Appeal from the Decree of the Court of Common Pleas, Blair County, Civil Division, at No. 392 C.P. 1991. Before CALLAN, J.

Before: Ford Elliott, Schiller and Brosky, JJ. Opinion BY Brosky, J.

The opinion of the court was delivered by: Brosky


Filed June 24, 1997

This is an appeal from the final decree entered in this declaratory judgment action. Appellant presents the following issues for review: (1) whether the trial court erred in determining that appellee had title to the land; (2) whether appellant acquired the property by adverse possession; (3) whether the trial court erred in denying appellant's petition requesting that other landowners be notified of this action and permitted to intervene; (4) whether the trial court was bound by the factual findings and Conclusions of law made by a different Judge in a prior action involving the same parties; (5) whether the procedure followed by the trial court was arbitrary and prejudicial; and (6) whether the doctrine of estoppel by deed bars a finding for appellee. For the reasons set forth below, we affirm.
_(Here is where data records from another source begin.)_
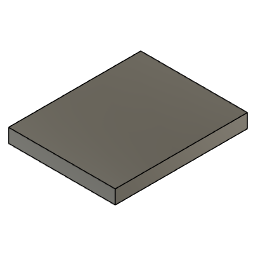
Mold Design Day#20 v4 (Autodesk Fusion 360 design; units mm, degrees)
Autodesk Fusion 360 part; units mm, degrees
box "BoxPrimitive1" add length 50 width 35 height 3 placed x (0, 1, 0) y (-1, 0, 0) z (0, 0, 1) at (35, 0, 0) makes body 1 in component "Keychaing"
fillet "Fillet1" radius 7 4 edges at (35, 0, 1.5) (0, 0, 1.5) (0, 50, 1.5) (35, 50, 1.5) on bodies 1 in component "Keychaing"
sketch "Sketch2" plane through (0, 0, 3) normal (0, 0, 1) x (-1, 0, 0) in component "Keychaing"
  arc A0 (-35, -43) -> (-28, -50) centre (-28, -43) ccw
  line L0 (-28, -50) -> (-7, -50)
  arc A1 (-7, -50) -> (0, -43) centre (-7, -43) ccw
  line L1 (0, -43) -> (0, -7)
  arc A2 (0, -7) -> (-7, 0) centre (-7, -7) ccw
  line L2 (-7, 0) -> (-28, 0)
  arc A3 (-28, 0) -> (-35, -7) centre (-28, -7) ccw
  line L3 (-35, -7) -> (-35, -43)
  line L4 (-17.5, -50) -> (-17.5, -45)
  dimension "d8" = 5
  constraint vertical L4
  constraint midpoint L0 L4.start
  measures "d8" distance of L4.start L4.end
hole "Hole1" at (17.5, 45, 3) direction (0, 0, -1) diameter 5 depth 3 tip angle 180 bodies 1 in component "Keychaing"
sketch "Sketch3" plane through (0, 0, 3) normal (0, 0, 1) x (-1, 0, 0) in component "Keychaing"
  circle A0 centre (-17.5, -45) radius 2.5
  arc A1 (-35, -43) -> (-28, -50) centre (-28, -43) ccw
  line L0 (-28, -50) -> (-7, -50)
  arc A2 (-7, -50) -> (0, -43) centre (-7, -43) ccw
  line L1 (0, -43) -> (0, -7)
  arc A3 (0, -7) -> (-7, 0) centre (-7, -7) ccw
  line L2 (-7, 0) -> (-28, 0)
  arc A4 (-28, 0) -> (-35, -7) centre (-28, -7) ccw
  line L3 (-35, -7) -> (-35, -43)
  spline S0 degree 3 poles (-7.2465, -28.2329) (-7.1727, -28.1591) (-7.1727, -22.1159) (-7.2465, -22.0421) knots 0 0 0 0 1 1 1 1
  spline S1 degree 3 poles (-7.2465, -22.0421) (-7.3203, -21.9683) (-8.9136, -21.9683) (-8.9614, -22.0465) knots 0 0 0 0 1 1 1 1
  spline S2 degree 3 poles (-8.9614, -22.0465) (-8.9787, -22.0725) (-9.0048, -22.6543) (-9.0178, -23.3358) knots 0 0 0 0 1 1 1 1
  line L4 (-9.0178, -23.3358) -> (-9.0395, -24.5731)
  line L5 (-9.0395, -24.5731) -> (-9.5561, -23.3575)
  spline S3 degree 3 poles (-9.5561, -23.3575) (-9.8383, -22.689) (-10.0988, -22.1072) (-10.1379, -22.0682) knots 0 0 0 0 1 1 1 1
  spline S4 degree 3 poles (-10.1379, -22.0682) (-10.1943, -21.9987) (-10.2985, -21.99) (-11.0409, -21.99) knots 0 0 0 0 1 1 1 1
  spline S5 degree 3 poles (-11.0409, -21.99) (-11.8744, -21.99) (-11.8831, -21.99) (-11.9482, -22.0942) knots 0 0 0 0 1 1 1 1
  spline S6 degree 3 poles (-11.9482, -22.0942) (-12.009, -22.181) (-12.0133, -22.5501) (-12.0046, -25.1983) knots 0 0 0 0 1 1 1 1
  spline S7 degree 3 poles (-12.0046, -25.1983) (-11.9916, -27.8118) (-11.9829, -28.2068) (-11.9265, -28.2416) knots 0 0 0 0 1 1 1 1
  spline S8 degree 3 poles (-11.9265, -28.2416) (-11.8223, -28.3067) (-10.2464, -28.298) (-10.203, -28.2329) knots 0 0 0 0 1 1 1 1
  spline S9 degree 3 poles (-10.203, -28.2329) (-10.1856, -28.2025) (-10.1596, -27.6207) (-10.1465, -26.9435) knots 0 0 0 0 1 1 1 1
  line L6 (-10.1465, -26.9435) -> (-10.1248, -25.7149)
  line L7 (-10.1248, -25.7149) -> (-9.5865, -26.9739)
  spline S10 degree 3 poles (-9.5865, -26.9739) (-9.2913, -27.6685) (-9.0221, -28.2459) (-8.9874, -28.2589) knots 0 0 0 0 1 1 1 1
  spline S11 degree 3 poles (-8.9874, -28.2589) (-8.8528, -28.311) (-7.2986, -28.285) (-7.2465, -28.2329) knots 0 0 0 0 1 1 1 1
  spline S12 degree 3 poles (-9.5171, -26.6092) (-10.0901, -25.2634) (-10.1683, -25.1115) (-10.2507, -25.1245) knots 0 0 0 0 1 1 1 1
  spline S13 degree 3 poles (-10.2507, -25.1245) (-10.3419, -25.1375) (-10.3419, -25.1418) (-10.3549, -26.6266) knots 0 0 0 0 1 1 1 1
  line L8 (-10.3549, -26.6266) -> (-10.3636, -28.1113)
  line L9 (-10.3636, -28.1113) -> (-11.0799, -28.1113)
  line L10 (-11.0799, -28.1113) -> (-11.7963, -28.1113)
  line L11 (-11.7963, -28.1113) -> (-11.7876, -25.1505)
  line L12 (-11.7876, -25.1505) -> (-11.7746, -22.1854)
  line L13 (-11.7746, -22.1854) -> (-11.0539, -22.1724)
  spline S14 degree 3 poles (-11.0539, -22.1724) (-10.5112, -22.1637) (-10.3202, -22.1767) (-10.2855, -22.2158) knots 0 0 0 0 1 1 1 1
  spline S15 degree 3 poles (-10.2855, -22.2158) (-10.2594, -22.2462) (-10.0424, -22.7411) (-9.7992, -23.3141) knots 0 0 0 0 1 1 1 1
  spline S16 degree 3 poles (-9.7992, -23.3141) (-9.0135, -25.1766) (-9.0178, -25.1635) (-8.9136, -25.1505) knots 0 0 0 0 1 1 1 1
  spline S17 degree 3 poles (-8.9136, -25.1505) (-8.8224, -25.1375) (-8.8224, -25.1288) (-8.8094, -23.6484) knots 0 0 0 0 1 1 1 1
  line L14 (-8.8094, -23.6484) -> (-8.8007, -22.1637)
  line L15 (-8.8007, -22.1637) -> (-8.0931, -22.1724)
  line L16 (-8.0931, -22.1724) -> (-7.3898, -22.1854)
  line L17 (-7.3898, -22.1854) -> (-7.3768, -25.0941)
  spline S18 degree 3 poles (-7.3768, -25.0941) (-7.3724, -26.696) (-7.3768, -28.0288) (-7.3898, -28.0592) knots 0 0 0 0 1 1 1 1
  spline S19 degree 3 poles (-7.3898, -28.0592) (-7.4028, -28.0983) (-7.5938, -28.1113) (-8.1452, -28.1113) knots 0 0 0 0 1 1 1 1
  line L18 (-8.1452, -28.1113) -> (-8.8789, -28.1113)
  line L19 (-8.8789, -28.1113) -> (-9.5171, -26.6092)
  spline S20 degree 3 poles (-13.8454, -28.2112) (-13.8237, -28.1678) (-13.446, -26.7872) (-13.0118, -25.1418) knots 0 0 0 0 1 1 1 1
  spline S21 degree 3 poles (-13.0118, -25.1418) (-12.4127, -22.8974) (-12.2261, -22.1333) (-12.2608, -22.0812) knots 0 0 0 0 1 1 1 1
  spline S22 degree 3 poles (-12.2608, -22.0812) (-12.2999, -22.0204) (-12.4214, -22.0117) (-13.1898, -22.0117) knots 0 0 0 0 1 1 1 1
  line L20 (-13.1898, -22.0117) -> (-14.0711, -22.0117)
  line L21 (-14.0711, -22.0117) -> (-14.1276, -22.1637)
  spline S23 degree 3 poles (-14.1276, -22.1637) (-14.1536, -22.2462) (-14.2014, -22.4285) (-14.2274, -22.5674) knots 0 0 0 0 1 1 1 1
  line L22 (-14.2274, -22.5674) -> (-14.2795, -22.8192)
  line L23 (-14.2795, -22.8192) -> (-14.8916, -22.8062)
  line L24 (-14.8916, -22.8062) -> (-15.5038, -22.7932)
  line L25 (-15.5038, -22.7932) -> (-15.5819, -22.4502)
  spline S24 degree 3 poles (-15.5819, -22.4502) (-15.6253, -22.2592) (-15.6818, -22.0812) (-15.7122, -22.0465) knots 0 0 0 0 1 1 1 1
  spline S25 degree 3 poles (-15.7122, -22.0465) (-15.7469, -21.9987) (-15.9379, -21.99) (-16.6282, -21.9987) knots 0 0 0 0 1 1 1 1
  spline S26 degree 3 poles (-16.6282, -21.9987) (-17.3836, -22.0117) (-17.5008, -22.0204) (-17.5399, -22.0855) knots 0 0 0 0 1 1 1 1
  spline S27 degree 3 poles (-17.5399, -22.0855) (-17.5746, -22.1376) (-17.4009, -22.867) (-16.7931, -25.1679) knots 0 0 0 0 1 1 1 1
  spline S28 degree 3 poles (-16.7931, -25.1679) (-16.3547, -26.8219) (-15.977, -28.2025) (-15.9553, -28.2329) knots 0 0 0 0 1 1 1 1
  spline S29 degree 3 poles (-15.9553, -28.2329) (-15.9205, -28.2719) (-15.6557, -28.285) (-14.896, -28.285) knots 0 0 0 0 1 1 1 1
  spline S30 degree 3 poles (-14.896, -28.285) (-13.9756, -28.285) (-13.8801, -28.2763) (-13.8454, -28.2112) knots 0 0 0 0 1 1 1 1
  spline S31 degree 3 poles (-16.5544, -25.2504) (-16.9668, -23.6918) (-17.3184, -22.359) (-17.3315, -22.2896) knots 0 0 0 0 1 1 1 1
  line L26 (-17.3315, -22.2896) -> (-17.3619, -22.1637)
  line L27 (-17.3619, -22.1637) -> (-16.6499, -22.1637)
  spline S32 degree 3 poles (-16.6499, -22.1637) (-16.2592, -22.1637) (-15.9205, -22.181) (-15.8945, -22.1984) knots 0 0 0 0 1 1 1 1
  spline S33 degree 3 poles (-15.8945, -22.1984) (-15.8684, -22.2158) (-15.8207, -22.3373) (-15.7946, -22.4676) knots 0 0 0 0 1 1 1 1
  spline S34 degree 3 poles (-15.7946, -22.4676) (-15.7642, -22.5978) (-15.7208, -22.7715) (-15.6948, -22.8496) knots 0 0 0 0 1 1 1 1
  line L28 (-15.6948, -22.8496) -> (-15.6514, -22.9885)
  line L29 (-15.6514, -22.9885) -> (-14.9003, -22.9885)
  spline S35 degree 3 poles (-14.9003, -22.9885) (-14.0364, -22.9885) (-14.1015, -23.0233) (-14.0103, -22.5544) knots 0 0 0 0 1 1 1 1
  spline S36 degree 3 poles (-14.0103, -22.5544) (-13.98, -22.3981) (-13.9365, -22.2462) (-13.9105, -22.2201) knots 0 0 0 0 1 1 1 1
  spline S37 degree 3 poles (-13.9105, -22.2201) (-13.8801, -22.1767) (-13.6761, -22.1637) (-13.1551, -22.1637) knots 0 0 0 0 1 1 1 1
  line L30 (-13.1551, -22.1637) -> (-12.4388, -22.1637)
  line L31 (-12.4388, -22.1637) -> (-12.4692, -22.2852)
  spline S38 degree 3 poles (-12.4692, -22.2852) (-12.5126, -22.4719) (-13.9669, -27.9507) (-13.993, -28.0375) knots 0 0 0 0 1 1 1 1
  spline S39 degree 3 poles (-13.993, -28.0375) (-14.0147, -28.107) (-14.0885, -28.1113) (-14.9133, -28.1026) knots 0 0 0 0 1 1 1 1
  line L32 (-14.9133, -28.1026) -> (-15.8077, -28.0896)
  line L33 (-15.8077, -28.0896) -> (-16.5544, -25.2504)
  spline S40 degree 3 poles (-14.7961, -26.1447) (-14.731, -26.0622) (-14.3403, -24.2215) (-14.375, -24.139) knots 0 0 0 0 1 1 1 1
  spline S41 degree 3 poles (-14.375, -24.139) (-14.4097, -24.0391) (-15.3475, -24.0435) (-15.3866, -24.1433) knots 0 0 0 0 1 1 1 1
  spline S42 degree 3 poles (-15.3866, -24.1433) (-15.4169, -24.2215) (-15.0696, -25.9276) (-14.9915, -26.0796) knots 0 0 0 0 1 1 1 1
  spline S43 degree 3 poles (-14.9915, -26.0796) (-14.9307, -26.1968) (-14.8612, -26.2228) (-14.7961, -26.1447) knots 0 0 0 0 1 1 1 1
  spline S44 degree 3 poles (-15.1825, -24.304) (-15.1825, -24.2432) (-14.6398, -24.2215) (-14.6051, -24.2823) knots 0 0 0 0 1 1 1 1
  spline S45 degree 3 poles (-14.6051, -24.2823) (-14.5834, -24.3126) (-14.8135, -25.4674) (-14.8656, -25.5933) knots 0 0 0 0 1 1 1 1
  spline S46 degree 3 poles (-14.8656, -25.5933) (-14.8873, -25.6498) (-15.1782, -24.4646) (-15.1825, -24.304) knots 0 0 0 0 1 1 1 1
  spline S47 degree 3 poles (-17.8828, -28.2329) (-17.809, -28.1591) (-17.809, -22.1159) (-17.8828, -22.0421) knots 0 0 0 0 1 1 1 1
  spline S48 degree 3 poles (-17.8828, -22.0421) (-17.9219, -22.0031) (-18.2866, -21.99) (-19.259, -21.99) knots 0 0 0 0 1 1 1 1
  spline S49 degree 3 poles (-19.259, -21.99) (-20.7481, -21.9944) (-20.9044, -22.0161) (-21.4254, -22.2766) knots 0 0 0 0 1 1 1 1
  spline S50 degree 3 poles (-21.4254, -22.2766) (-21.7857, -22.4589) (-22.0028, -22.6803) (-22.1677, -23.0276) knots 0 0 0 0 1 1 1 1
  spline S51 degree 3 poles (-22.1677, -23.0276) (-22.2719, -23.249) (-22.2806, -23.3185) (-22.2806, -23.8134) knots 0 0 0 0 1 1 1 1
  spline S52 degree 3 poles (-22.2806, -23.8134) (-22.2806, -24.317) (-22.2719, -24.3734) (-22.159, -24.6165) knots 0 0 0 0 1 1 1 1
  spline S53 degree 3 poles (-22.159, -24.6165) (-22.0939, -24.7598) (-21.9593, -24.9595) (-21.8595, -25.0594) knots 0 0 0 0 1 1 1 1
  line L34 (-21.8595, -25.0594) -> (-21.6815, -25.2417)
  line L35 (-21.6815, -25.2417) -> (-21.8595, -25.4414)
  spline S54 degree 3 poles (-21.8595, -25.4414) (-22.3761, -26.0275) (-22.3153, -27.1996) (-21.7423, -27.7553) knots 0 0 0 0 1 1 1 1
  spline S55 degree 3 poles (-21.7423, -27.7553) (-21.5252, -27.9637) (-21.1605, -28.1417) (-20.7915, -28.2242) knots 0 0 0 0 1 1 1 1
  spline S56 degree 3 poles (-20.7915, -28.2242) (-20.4051, -28.3023) (-17.961, -28.311) (-17.8828, -28.2329) knots 0 0 0 0 1 1 1 1
  spline S57 degree 3 poles (-20.8393, -28.0115) (-21.6164, -27.7857) (-21.955, -27.3776) (-21.9897, -26.6092) knots 0 0 0 0 1 1 1 1
  spline S58 degree 3 poles (-21.9897, -26.6092) (-22.0158, -26.0709) (-21.9333, -25.8278) (-21.6164, -25.4978) knots 0 0 0 0 1 1 1 1
  line L36 (-21.6164, -25.4978) -> (-21.3819, -25.2504)
  line L37 (-21.3819, -25.2504) -> (-21.6164, -25.0159)
  spline S59 degree 3 poles (-21.6164, -25.0159) (-21.8899, -24.7468) (-22.0201, -24.4993) (-22.0896, -24.1346) knots 0 0 0 0 1 1 1 1
  spline S60 degree 3 poles (-22.0896, -24.1346) (-22.2285, -23.3966) (-21.9203, -22.7367) (-21.2951, -22.4372) knots 0 0 0 0 1 1 1 1
  spline S61 degree 3 poles (-21.2951, -22.4372) (-20.8176, -22.2071) (-20.6613, -22.1854) (-19.2851, -22.1854) knots 0 0 0 0 1 1 1 1
  line L38 (-19.2851, -22.1854) -> (-18.0261, -22.1854)
  line L39 (-18.0261, -22.1854) -> (-18.0131, -25.1505)
  line L40 (-18.0131, -25.1505) -> (-18.0044, -28.12)
  line L41 (-18.0044, -28.12) -> (-19.2938, -28.0983)
  spline S62 degree 3 poles (-19.2938, -28.0983) (-20.3183, -28.0853) (-20.6396, -28.0679) (-20.8393, -28.0115) knots 0 0 0 0 1 1 1 1
  spline S63 degree 3 poles (-19.5021, -26.8436) (-19.4891, -26.8089) (-19.4848, -26.5484) (-19.4891, -26.2619) knots 0 0 0 0 1 1 1 1
  line L42 (-19.4891, -26.2619) -> (-19.5021, -25.7453)
  line L43 (-19.5021, -25.7453) -> (-19.8147, -25.7323)
  spline S64 degree 3 poles (-19.8147, -25.7323) (-20.327, -25.7106) (-20.5527, -25.8625) (-20.5962, -26.2619) knots 0 0 0 0 1 1 1 1
  spline S65 degree 3 poles (-20.5962, -26.2619) (-20.6222, -26.479) (-20.531, -26.7134) (-20.3834, -26.8046) knots 0 0 0 0 1 1 1 1
  spline S66 degree 3 poles (-20.3834, -26.8046) (-20.2402, -26.8957) (-19.5325, -26.9261) (-19.5021, -26.8436) knots 0 0 0 0 1 1 1 1
  spline S67 degree 3 poles (-20.3053, -26.5832) (-20.3617, -26.518) (-20.3921, -26.4312) (-20.3921, -26.3053) knots 0 0 0 0 1 1 1 1
  spline S68 degree 3 poles (-20.3921, -26.3053) (-20.3921, -26.0448) (-20.2532, -25.9406) (-19.9102, -25.9406) knots 0 0 0 0 1 1 1 1
  line L44 (-19.9102, -25.9406) -> (-19.6541, -25.9406)
  line L45 (-19.6541, -25.9406) -> (-19.6541, -26.3097)
  line L46 (-19.6541, -26.3097) -> (-19.6541, -26.6787)
  line L47 (-19.6541, -26.6787) -> (-19.9363, -26.6787)
  spline S69 degree 3 poles (-19.9363, -26.6787) (-20.1664, -26.6787) (-20.2315, -26.6613) (-20.3053, -26.5832) knots 0 0 0 0 1 1 1 1
  spline S70 degree 3 poles (-19.5325, -24.6469) (-19.4935, -24.6165) (-19.4804, -24.4603) (-19.4891, -24.0044) knots 0 0 0 0 1 1 1 1
  line L48 (-19.4891, -24.0044) -> (-19.5021, -23.401)
  line L49 (-19.5021, -23.401) -> (-19.806, -23.3879)
  spline S71 degree 3 poles (-19.806, -23.3879) (-20.1924, -23.3706) (-20.3965, -23.4314) (-20.5441, -23.605) knots 0 0 0 0 1 1 1 1
  spline S72 degree 3 poles (-20.5441, -23.605) (-20.6526, -23.7309) (-20.6613, -23.77) (-20.6439, -24.0565) knots 0 0 0 0 1 1 1 1
  spline S73 degree 3 poles (-20.6439, -24.0565) (-20.6266, -24.4038) (-20.5614, -24.521) (-20.3183, -24.6209) knots 0 0 0 0 1 1 1 1
  spline S74 degree 3 poles (-20.3183, -24.6209) (-20.1664, -24.686) (-19.6237, -24.7034) (-19.5325, -24.6469) knots 0 0 0 0 1 1 1 1
  spline S75 degree 3 poles (-20.3357, -24.3604) (-20.4399, -24.2692) (-20.4572, -24.2215) (-20.4572, -24.0305) knots 0 0 0 0 1 1 1 1
  spline S76 degree 3 poles (-20.4572, -24.0305) (-20.4572, -23.8394) (-20.4399, -23.7917) (-20.3357, -23.7005) knots 0 0 0 0 1 1 1 1
  spline S77 degree 3 poles (-20.3357, -23.7005) (-20.2358, -23.6137) (-20.1664, -23.5963) (-19.9319, -23.5963) knots 0 0 0 0 1 1 1 1
  line L50 (-19.9319, -23.5963) -> (-19.6541, -23.5963)
  line L51 (-19.6541, -23.5963) -> (-19.6541, -24.0305)
  line L52 (-19.6541, -24.0305) -> (-19.6541, -24.4646)
  line L53 (-19.6541, -24.4646) -> (-19.9319, -24.4646)
  spline S78 degree 3 poles (-19.9319, -24.4646) (-20.1664, -24.4646) (-20.2358, -24.4472) (-20.3357, -24.3604) knots 0 0 0 0 1 1 1 1
  spline S79 degree 3 poles (-22.7017, -28.2329) (-22.6279, -28.1591) (-22.6279, -22.1159) (-22.7017, -22.0421) knots 0 0 0 0 1 1 1 1
  spline S80 degree 3 poles (-22.7017, -22.0421) (-22.7364, -22.0074) (-22.9926, -21.99) (-23.5613, -21.99) knots 0 0 0 0 1 1 1 1
  spline S81 degree 3 poles (-23.5613, -21.99) (-24.13, -21.99) (-24.3862, -22.0074) (-24.4209, -22.0421) knots 0 0 0 0 1 1 1 1
  spline S82 degree 3 poles (-24.4209, -22.0421) (-24.4947, -22.1159) (-24.4947, -28.1591) (-24.4209, -28.2329) knots 0 0 0 0 1 1 1 1
  spline S83 degree 3 poles (-24.4209, -28.2329) (-24.3471, -28.3067) (-22.7755, -28.3067) (-22.7017, -28.2329) knots 0 0 0 0 1 1 1 1
  line L54 (-24.2559, -25.1375) -> (-24.2559, -22.1637)
  line L55 (-24.2559, -22.1637) -> (-23.5526, -22.1724)
  line L56 (-23.5526, -22.1724) -> (-22.845, -22.1854)
  line L57 (-22.845, -22.1854) -> (-22.832, -25.0941)
  spline S84 degree 3 poles (-22.832, -25.0941) (-22.8276, -26.696) (-22.832, -28.0288) (-22.845, -28.0592) knots 0 0 0 0 1 1 1 1
  spline S85 degree 3 poles (-22.845, -28.0592) (-22.858, -28.0983) (-23.0447, -28.1113) (-23.5613, -28.1113) knots 0 0 0 0 1 1 1 1
  line L58 (-23.5613, -28.1113) -> (-24.2559, -28.1113)
  line L59 (-24.2559, -28.1113) -> (-24.2559, -25.1375)
  spline S86 degree 3 poles (-24.9158, -28.2329) (-24.842, -28.1591) (-24.842, -22.1159) (-24.9158, -22.0421) knots 0 0 0 0 1 1 1 1
  spline S87 degree 3 poles (-24.9158, -22.0421) (-24.9549, -22.0031) (-25.4715, -21.99) (-26.9779, -21.99) knots 0 0 0 0 1 1 1 1
  spline S88 degree 3 poles (-26.9779, -21.99) (-28.9185, -21.99) (-28.988, -21.9944) (-29.0314, -22.0725) knots 0 0 0 0 1 1 1 1
  spline S89 degree 3 poles (-29.0314, -22.0725) (-29.0531, -22.1203) (-29.0748, -22.4415) (-29.0748, -22.8105) knots 0 0 0 0 1 1 1 1
  spline S90 degree 3 poles (-29.0748, -22.8105) (-29.0748, -23.4357) (-29.0705, -23.4661) (-28.9793, -23.5269) knots 0 0 0 0 1 1 1 1
  spline S91 degree 3 poles (-28.9793, -23.5269) (-28.8968, -23.5876) (-28.7058, -23.5963) (-27.7854, -23.5963) knots 0 0 0 0 1 1 1 1
  line L60 (-27.7854, -23.5963) -> (-26.6871, -23.5963)
  line L61 (-26.6871, -23.5963) -> (-26.6871, -25.8886)
  spline S92 degree 3 poles (-26.6871, -25.8886) (-26.6871, -27.6121) (-26.674, -28.1938) (-26.635, -28.2329) knots 0 0 0 0 1 1 1 1
  spline S93 degree 3 poles (-26.635, -28.2329) (-26.5612, -28.3067) (-24.9896, -28.3067) (-24.9158, -28.2329) knots 0 0 0 0 1 1 1 1
  line L62 (-26.5134, -25.7453) -> (-26.5351, -23.401)
  line L63 (-26.5351, -23.401) -> (-27.6986, -23.3879)
  line L64 (-27.6986, -23.3879) -> (-28.8577, -23.3793)
  line L65 (-28.8577, -23.3793) -> (-28.8577, -22.7715)
  line L66 (-28.8577, -22.7715) -> (-28.8577, -22.1637)
  line L67 (-28.8577, -22.1637) -> (-26.9606, -22.1724)
  line L68 (-26.9606, -22.1724) -> (-25.0591, -22.1854)
  line L69 (-25.0591, -22.1854) -> (-25.046, -25.1505)
  line L70 (-25.046, -25.1505) -> (-25.0374, -28.1113)
  line L71 (-25.0374, -28.1113) -> (-25.7624, -28.1026)
  line L72 (-25.7624, -28.1026) -> (-26.4917, -28.0896)
  line L73 (-26.4917, -28.0896) -> (-26.5134, -25.7453)
extrude "Extrude1" add sketch "Sketch3" along normal blind 1 contours S12 S13 L8 L9 L10 L11 L12 L13 S14 S15 S16 S17 L14 L15 L16 L17 S18 S19 L18 L19 | S31 L26 L27 S32 S33 S34 L28 L29 S35 S36 S37 L30 L31 S38 S39 L32 L33 | S57 S58 L36 L37 S59 S60 S61 L38 L39 L40 L41 S62 | L54 L55 L56 L57 S84 S85 L58 L59 | L62 L63 L64 L65 L66 L67 L68 L69 L70 L71 L72 L73 bodies 1 in component "Keychaing"
box "BoxPrimitive2" add length 57 width 46 height 6 placed x (0, -1, 0) y (1, 0, 0) z (0, 0, 1) at (-5, 53, 0) separate body makes body 2 in component "Keychaing"
combine "Combine1" operation cut target body 2 tool bodies 1 keep tools result as body 3 in component "Component"
draft "Draft1" angle 3 neutral plane through (-5, 53, 0) pull (0, 0, -1) 8 faces at (35, 19, 1) (34.9921, 43.3331, 1) (21, 50, 1) (0.0079, 43.3331, 1) (0, 19, 1) (0.0079, 6.6669, 1) (21, 0, 1) (32.3271, 1.4976, 1) on bodies 3 in component "Component"
draft "Draft2" angle 3 neutral plane through (-5, 53, 0) pull (0, 0, -1) 1 faces at (17.6246, 42.5031, 2) on bodies 3 in component "Component"
component "Keychaing" placed x (1, 0, 0) y (0, 1, 0) z (0, 0, 1) at (0, 0, 0)
component "Component" placed x (1, 0, 0) y (0, 1, 0) z (0, 0, 1) at (0, 0, 0)
named bodies: "Keychain", "Mold"

Before addressing these claims, it is necessary to recount the pertinent history of this case. During the late 1700's, the parties' predecessors in title, Ludwick Sells, William Allen and John Porter, began to settle the Pennsylvania wilderness in what is now Blair County. *fn1 Ludwick Sells was granted a warrant in 1786, but did not have his property surveyed until 1794. The Porter and Allen tracts were respectively warranted and surveyed in 1795 and 1796. However, both the Porter and Allen warrants noted that there were improvements on the land and that the owners' respective interests commenced as of 1792. Patents were later issued for the Porter, Allen and Sells tracts in 1800, 1808 and 1834, respectively.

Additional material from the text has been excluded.